[Dataset excerpts]
◆ ◆ ◆ ◆ ◆
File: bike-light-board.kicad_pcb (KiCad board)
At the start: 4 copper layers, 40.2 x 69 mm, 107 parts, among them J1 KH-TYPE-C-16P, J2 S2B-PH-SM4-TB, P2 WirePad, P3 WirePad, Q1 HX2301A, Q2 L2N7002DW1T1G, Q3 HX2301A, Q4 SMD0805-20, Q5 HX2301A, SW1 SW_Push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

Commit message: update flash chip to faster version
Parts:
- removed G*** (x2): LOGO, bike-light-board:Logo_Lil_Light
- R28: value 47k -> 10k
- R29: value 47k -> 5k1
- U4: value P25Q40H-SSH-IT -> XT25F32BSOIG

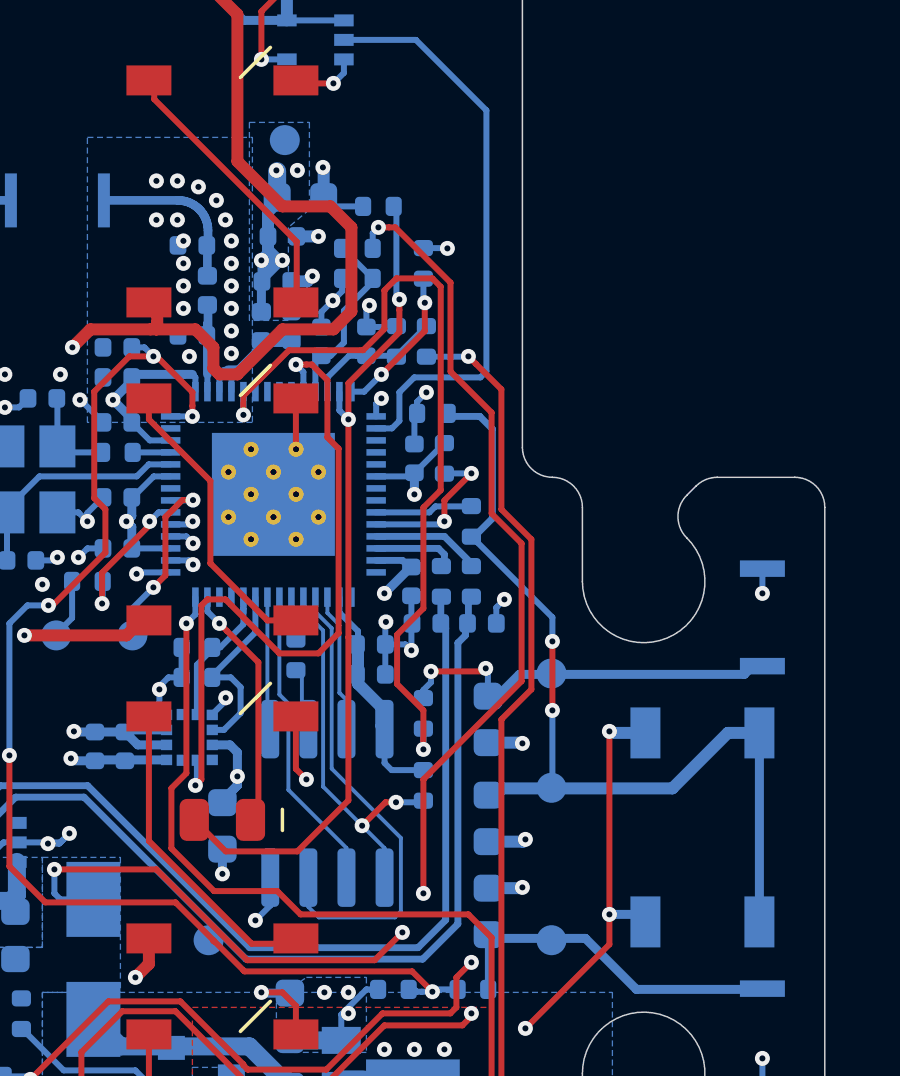
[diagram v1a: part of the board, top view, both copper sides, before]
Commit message: add 10k to IO0 pin to fix boot issue
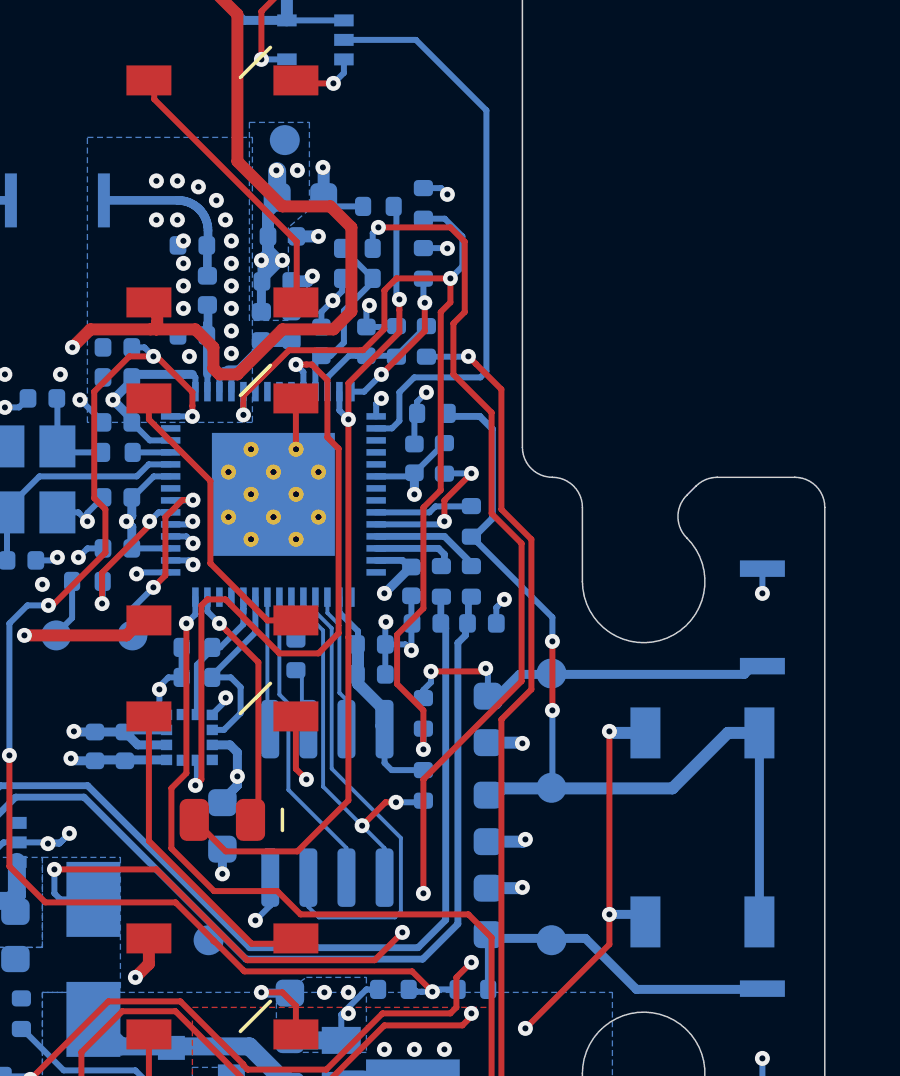
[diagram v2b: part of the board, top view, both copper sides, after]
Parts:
- added R21: 10k, Resistor_SMD:R_0402_1005Metric, B.Cu at (167.7, 82.9)
- SW1: value SW_Push -> TS5220A
- SW2, SW3: value STO-060A16AB -> DNP
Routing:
- net IO0: track 27.6 -> 31.3 mm, vias 2 -> 3
- net /VBUS: track 45.4 -> 46.8 mm
- net +3V3: track 59.4 -> 60.3 mm, vias 18 -> 19
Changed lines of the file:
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@@
     (thickness 1.6)
     (drawings 58)
-    (tracks 942)
+    (tracks 952)
     (zones 0)
-    (modules 105)
+    (modules 106)
     (nets 87)
   )
@@
     (42 Eco1.User user hide)
     (43 Eco2.User user hide)
-    (44 Edge.Cuts user)
+    (44 Edge.Cuts user hide)
     (45 Margin user hide)
     (46 B.CrtYd user hide)
@@
     (add_net USB_D-)
   )
+  (module Resistor_SMD:R_0402_1005Metric (layer B.Cu)
+    (at 167.7 82.87 90)
+    (descr "Resistor SMD 0402 (1005 Metric), square (rectangular) end terminal, IPC_7351 nominal, (Body size source: IPC-SM-782 page 72, https://www.pcb-3d.com/wordpress/wp-content/uploads/ipc-sm-782a_amendment_1_and_2.pdf), generated with kicad-footprint-generator")
+    (tags resistor)
+    (attr smd)
+    (fp_text reference R21 (at 0 1.17 90) (layer B.SilkS) hide
+      (effects (font (size 1 1) (thickness 0.15)) (justify mirror))
+    )
+    (fp_text value 10k (at 0 -1.17 90) (layer B.Fab)
+      (effects (font (size 1 1) (thickness 0.15)) (justify mirror))
+    )
+    (fp_text user %R (at 0 0 90) (layer B.Fab)
+      (effects (font (size 0.26 0.26) (thickness 0.04)) (justify mirror))
+    )
+    (fp_line (start 0.93 -0.47) (end -0.93 -0.47) (layer B.CrtYd) (width 0.05))
+    (fp_line (start 0.93 0.47) (end 0.93 -0.47) (layer B.CrtYd) (width 0.05))
+    (fp_line (start -0.93 0.47) (end 0.93 0.47) (layer B.CrtYd) (width 0.05))
+    (fp_line (start -0.93 -0.47) (end -0.93 0.47) (layer B.CrtYd) (width 0.05))
+    (fp_line (start -0.153641 -0.38) (end 0.153641 -0.38) (layer B.SilkS) (width 0.12))
+    (fp_line (start -0.153641 0.38) (end 0.153641 0.38) (layer B.SilkS) (width 0.12))
+    (fp_line (start 0.525 -0.27) (end -0.525 -0.27) (layer B.Fab) (width 0.1))
+    (fp_line (start 0.525 0.27) (end 0.525 -0.27) (layer B.Fab) (width 0.1))
+    (fp_line (start -0.525 0.27) (end 0.525 0.27) (layer B.Fab) (width 0.1))
+    (fp_line (start -0.525 -0.27) (end -0.525 0.27) (layer B.Fab) (width 0.1))
+    (pad 2 smd roundrect (at 0.51 0 90) (size 0.54 0.64) (layers B.Cu B.Paste B.Mask) (roundrect_rratio 0.25)
+      (net 2 +3V3))
+    (pad 1 smd roundrect (at -0.51 0 90) (size 0.54 0.64) (layers B.Cu B.Paste B.Mask) (roundrect_rratio 0.25)
+      (net 57 IO0))
+    (model ${KISYS3DMOD}/Resistor_SMD.3dshapes/R_0402_1005Metric.wrl
+      (at (xyz 0 0 0))
+      (scale (xyz 1 1 1))
+      (rotate (xyz 0 0 0))
+    )
+  )
   (module footprints:ICT_TestPoint_Pad_D1.00mm (layer B.Cu)
     (at 171.97 98.54)
@@
       (effects (font (size 0.8 0.8) (thickness 0.15)) (justify mirror))
     )
-    (fp_text value STO-060A16AB (at 0 -2.5 90) (layer B.Fab) hide
+    (fp_text value DNP (at 0 -2.5 90) (layer B.Fab) hide
       (effects (font (size 1 1) (thickness 0.15)) (justify mirror))
     )
@@
       (effects (font (size 0.8 0.8) (thickness 0.15)) (justify mirror))
     )
-    (fp_text value STO-060A16AB (at 0 -2.5 90) (layer B.Fab) hide
+    (fp_text value DNP (at 0 -2.5 90) (layer B.Fab) hide
       (effects (font (size 1 1) (thickness 0.15)) (justify mirror))
     )
@@
       (effects (font (size 0.8 0.8) (thickness 0.15)) (justify mirror))
     )
-    (fp_text value SW_Push (at 0 -3.75 90) (layer B.Fab) hide
+    (fp_text value TS5220A (at 0 -3.75 90) (layer B.Fab) hide
       (effects (font (size 1 1) (thickness 0.15)) (justify mirror))
     )
@@
   (segment (start 173.9 106.57) (end 173.9 100.470002) (width 0.2) (layer F.Cu) (net 2))
   (segment (start 175.099999 100.520508) (end 173.950506 100.520508) (width 0.4) (layer B.Cu) (net 2))
+  (via (at 168.5 82.57) (size 0.5) (drill 0.2) (layers F.Cu B.Cu) (net 2))
+  (segment (start 167.7 82.36) (end 168.29 82.36) (width 0.2) (layer B.Cu) (net 2))
+  (segment (start 168.29 82.36) (end 168.5 82.57) (width 0.2) (layer B.Cu) (net 2))
   (segment (start 163.15 75.59) (end 163.22 75.52) (width 0.4) (layer B.Cu) (net 3))
   (segment (start 163.15 76.77) (end 163.15 75.59) (width 0.4) (layer B.Cu) (net 3))
@@
   (segment (start 167 106.57) (end 167.7 105.87) (width 0.2) (layer In1.Cu) (net 46))
   (segment (start 167 107.17) (end 167 106.57) (width 0.2) (layer In1.Cu) (net 46))
-  (segment (start 167.7 105.87) (end 167.7 102.07) (width 0.2) (layer F.Cu) (net 46))
-  (segment (start 168.604011 85.51155) (end 166.762461 83.67) (width 0.2) (layer F.Cu) (net 46))
-  (segment (start 169.972989 89.842989) (end 168.604011 88.474011) (width 0.2) (layer F.Cu) (net 46))
-  (segment (start 170.972989 98.797011) (end 170.972989 94.205451) (width 0.2) (layer F.Cu) (net 46))
-  (segment (start 169.972989 93.205452) (end 169.972989 89.842989) (width 0.2) (layer F.Cu) (net 46))
-  (segment (start 166.553553 83.67) (end 166.2 83.67) (width 0.2) (layer F.Cu) (net 46))
-  (segment (start 167.7 102.07) (end 170.972989 98.797011) (width 0.2) (layer F.Cu) (net 46))
-  (segment (start 168.604011 88.474011) (end 168.604011 85.51155) (width 0.2) (layer F.Cu) (net 46))
-  (segment (start 170.972989 94.205451) (end 169.972989 93.205452) (width 0.2) (layer F.Cu) (net 46))
-  (segment (start 166.762461 83.67) (end 166.553553 83.67) (width 0.2) (layer F.Cu) (net 46))
+  (segment (start 170.972989 98.797011) (end 167.7 102.07) (width 0.2) (layer F.Cu) (net 46))
+  (segment (start 168.7 88.57) (end 169.972989 89.842989) (width 0.2) (layer F.Cu) (net 46))
+  (segment (start 167.7 102.07) (end 167.7 105.87) (width 0.2) (layer F.Cu) (net 46))
+  (segment (start 170.972989 94.205451) (end 170.972989 98.797011) (width 0.2) (layer F.Cu) (net 46))
+  (segment (start 169.972989 89.842989) (end 169.972989 93.205452) (width 0.2) (layer F.Cu) (net 46))
+  (segment (start 168.7 86.87) (end 168.7 88.57) (width 0.2) (layer F.Cu) (net 46))
+  (segment (start 169.077001 86.492999) (end 168.7 86.87) (width 0.2) (layer F.Cu) (net 46))
+  (segment (start 169.077001 84.147001) (end 169.077001 86.492999) (width 0.2) (layer F.Cu) (net 46))
+  (segment (start 168.6 83.67) (end 169.077001 84.147001) (width 0.2) (layer F.Cu) (net 46))
+  (segment (start 169.972989 93.205452) (end 170.972989 94.205451) (width 0.2) (layer F.Cu) (net 46))
+  (segment (start 166.2 83.67) (end 168.6 83.67) (width 0.2) (layer F.Cu) (net 46))
   (segment (start 165.49 87.95) (end 165.8 87.95) (width 0.2) (layer B.Cu) (net 47))
   (segment (start 165.22 87.95) (end 165.49 87.95) (width 0.2) (layer B.Cu) (net 47))
@@
   (via (at 167.7 101.07) (size 0.5) (drill 0.2) (layers F.Cu B.Cu) (net 57))
   (segment (start 167.7 100.38) (end 167.7 101.07) (width 0.2) (layer B.Cu) (net 57))
+  (segment (start 167.7 83.38) (end 168.41 83.38) (width 0.2) (layer B.Cu) (net 57))
+  (segment (start 168.41 83.38) (end 169 83.97) (width 0.2) (layer B.Cu) (net 57))
+  (segment (start 169 83.97) (end 169 84.97) (width 0.2) (layer B.Cu) (net 57))
+  (via (at 168.6 85.37) (size 0.5) (drill 0.2) (layers F.Cu B.Cu) (net 57))
+  (segment (start 169 84.97) (end 168.6 85.37) (width 0.2) (layer B.Cu) (net 57))
   (segment (start 167.7 99.77) (end 167.7 101.07) (width 0.2) (layer F.Cu) (net 57))
   (segment (start 166.822999 98.892999) (end 167.7 99.77) (width 0.2) (layer F.Cu) (net 57))
+  (segment (start 166.822999 97.247001) (end 166.822999 98.892999) (width 0.2) (layer F.Cu) (net 57))
   (segment (start 167.7 96.37) (end 166.822999 97.247001) (width 0.2) (layer F.Cu) (net 57))
-  (segment (start 168 85.37) (end 168.277001 85.647001) (width 0.2) (layer F.Cu) (net 57))
-  (segment (start 168.277001 92.430539) (end 167.7 93.00754) (width 0.2) (layer F.Cu) (net 57))
-  (segment (start 168.277001 85.647001) (end 168.277001 92.430539) (width 0.2) (layer F.Cu) (net 57))
   (segment (start 167.7 93.00754) (end 167.7 96.37) (width 0.2) (layer F.Cu) (net 57))
-  (segment (start 166.822999 97.247001) (end 166.822999 98.892999) (width 0.2) (layer F.Cu) (net 57))
-  (segment (start 166.8 85.37) (end 168 85.37) (width 0.2) (layer F.Cu) (net 57))
+  (segment (start 168.277001 92.430539) (end 167.7 93.00754) (width 0.2) (layer F.Cu) (net 57))
+  (segment (start 168.277001 92.430539) (end 168.277001 86.492999) (width 0.2) (layer F.Cu) (net 57))
+  (segment (start 168.6 86.17) (end 168.6 85.37) (width 0.2) (layer F.Cu) (net 57))
+  (segment (start 168.277001 86.492999) (end 168.6 86.17) (width 0.2) (layer F.Cu) (net 57))
+  (segment (start 166.8 85.37) (end 168.6 85.37) (width 0.2) (layer F.Cu) (net 57))
   (segment (start 166.4 85.77) (end 166.8 85.37) (width 0.2) (layer F.Cu) (net 57))
   (segment (start 166.4 87.055998) (end 166.4 85.77) (width 0.2) (layer F.Cu) (net 57))
◆ ◆ ◆ ◆ ◆
Work task -> Return the span of lines in the data above that opens at the line with "(start 168.7 88.57)" and closes at the line with "(segment (start 166.822999 98.892999)", exactly, ends included, nothing else.

Reply ->
+  (segment (start 168.7 88.57) (end 169.972989 89.842989) (width 0.2) (layer F.Cu) (net 46))
+  (segment (start 167.7 102.07) (end 167.7 105.87) (width 0.2) (layer F.Cu) (net 46))
+  (segment (start 170.972989 94.205451) (end 170.972989 98.797011) (width 0.2) (layer F.Cu) (net 46))
+  (segment (start 169.972989 89.842989) (end 169.972989 93.205452) (width 0.2) (layer F.Cu) (net 46))
+  (segment (start 168.7 86.87) (end 168.7 88.57) (width 0.2) (layer F.Cu) (net 46))
+  (segment (start 169.077001 86.492999) (end 168.7 86.87) (width 0.2) (layer F.Cu) (net 46))
+  (segment (start 169.077001 84.147001) (end 169.077001 86.492999) (width 0.2) (layer F.Cu) (net 46))
+  (segment (start 168.6 83.67) (end 169.077001 84.147001) (width 0.2) (layer F.Cu) (net 46))
+  (segment (start 169.972989 93.205452) (end 170.972989 94.205451) (width 0.2) (layer F.Cu) (net 46))
+  (segment (start 166.2 83.67) (end 168.6 83.67) (width 0.2) (layer F.Cu) (net 46))
   (segment (start 165.49 87.95) (end 165.8 87.95) (width 0.2) (layer B.Cu) (net 47))
   (segment (start 165.22 87.95) (end 165.49 87.95) (width 0.2) (layer B.Cu) (net 47))
@@
   (via (at 167.7 101.07) (size 0.5) (drill 0.2) (layers F.Cu B.Cu) (net 57))
   (segment (start 167.7 100.38) (end 167.7 101.07) (width 0.2) (layer B.Cu) (net 57))
+  (segment (start 167.7 83.38) (end 168.41 83.38) (width 0.2) (layer B.Cu) (net 57))
+  (segment (start 168.41 83.38) (end 169 83.97) (width 0.2) (layer B.Cu) (net 57))
+  (segment (start 169 83.97) (end 169 84.97) (width 0.2) (layer B.Cu) (net 57))
+  (via (at 168.6 85.37) (size 0.5) (drill 0.2) (layers F.Cu B.Cu) (net 57))
+  (segment (start 169 84.97) (end 168.6 85.37) (width 0.2) (layer B.Cu) (net 57))
   (segment (start 167.7 99.77) (end 167.7 101.07) (width 0.2) (layer F.Cu) (net 57))
   (segment (start 166.822999 98.892999) (end 167.7 99.77) (width 0.2) (layer F.Cu) (net 57))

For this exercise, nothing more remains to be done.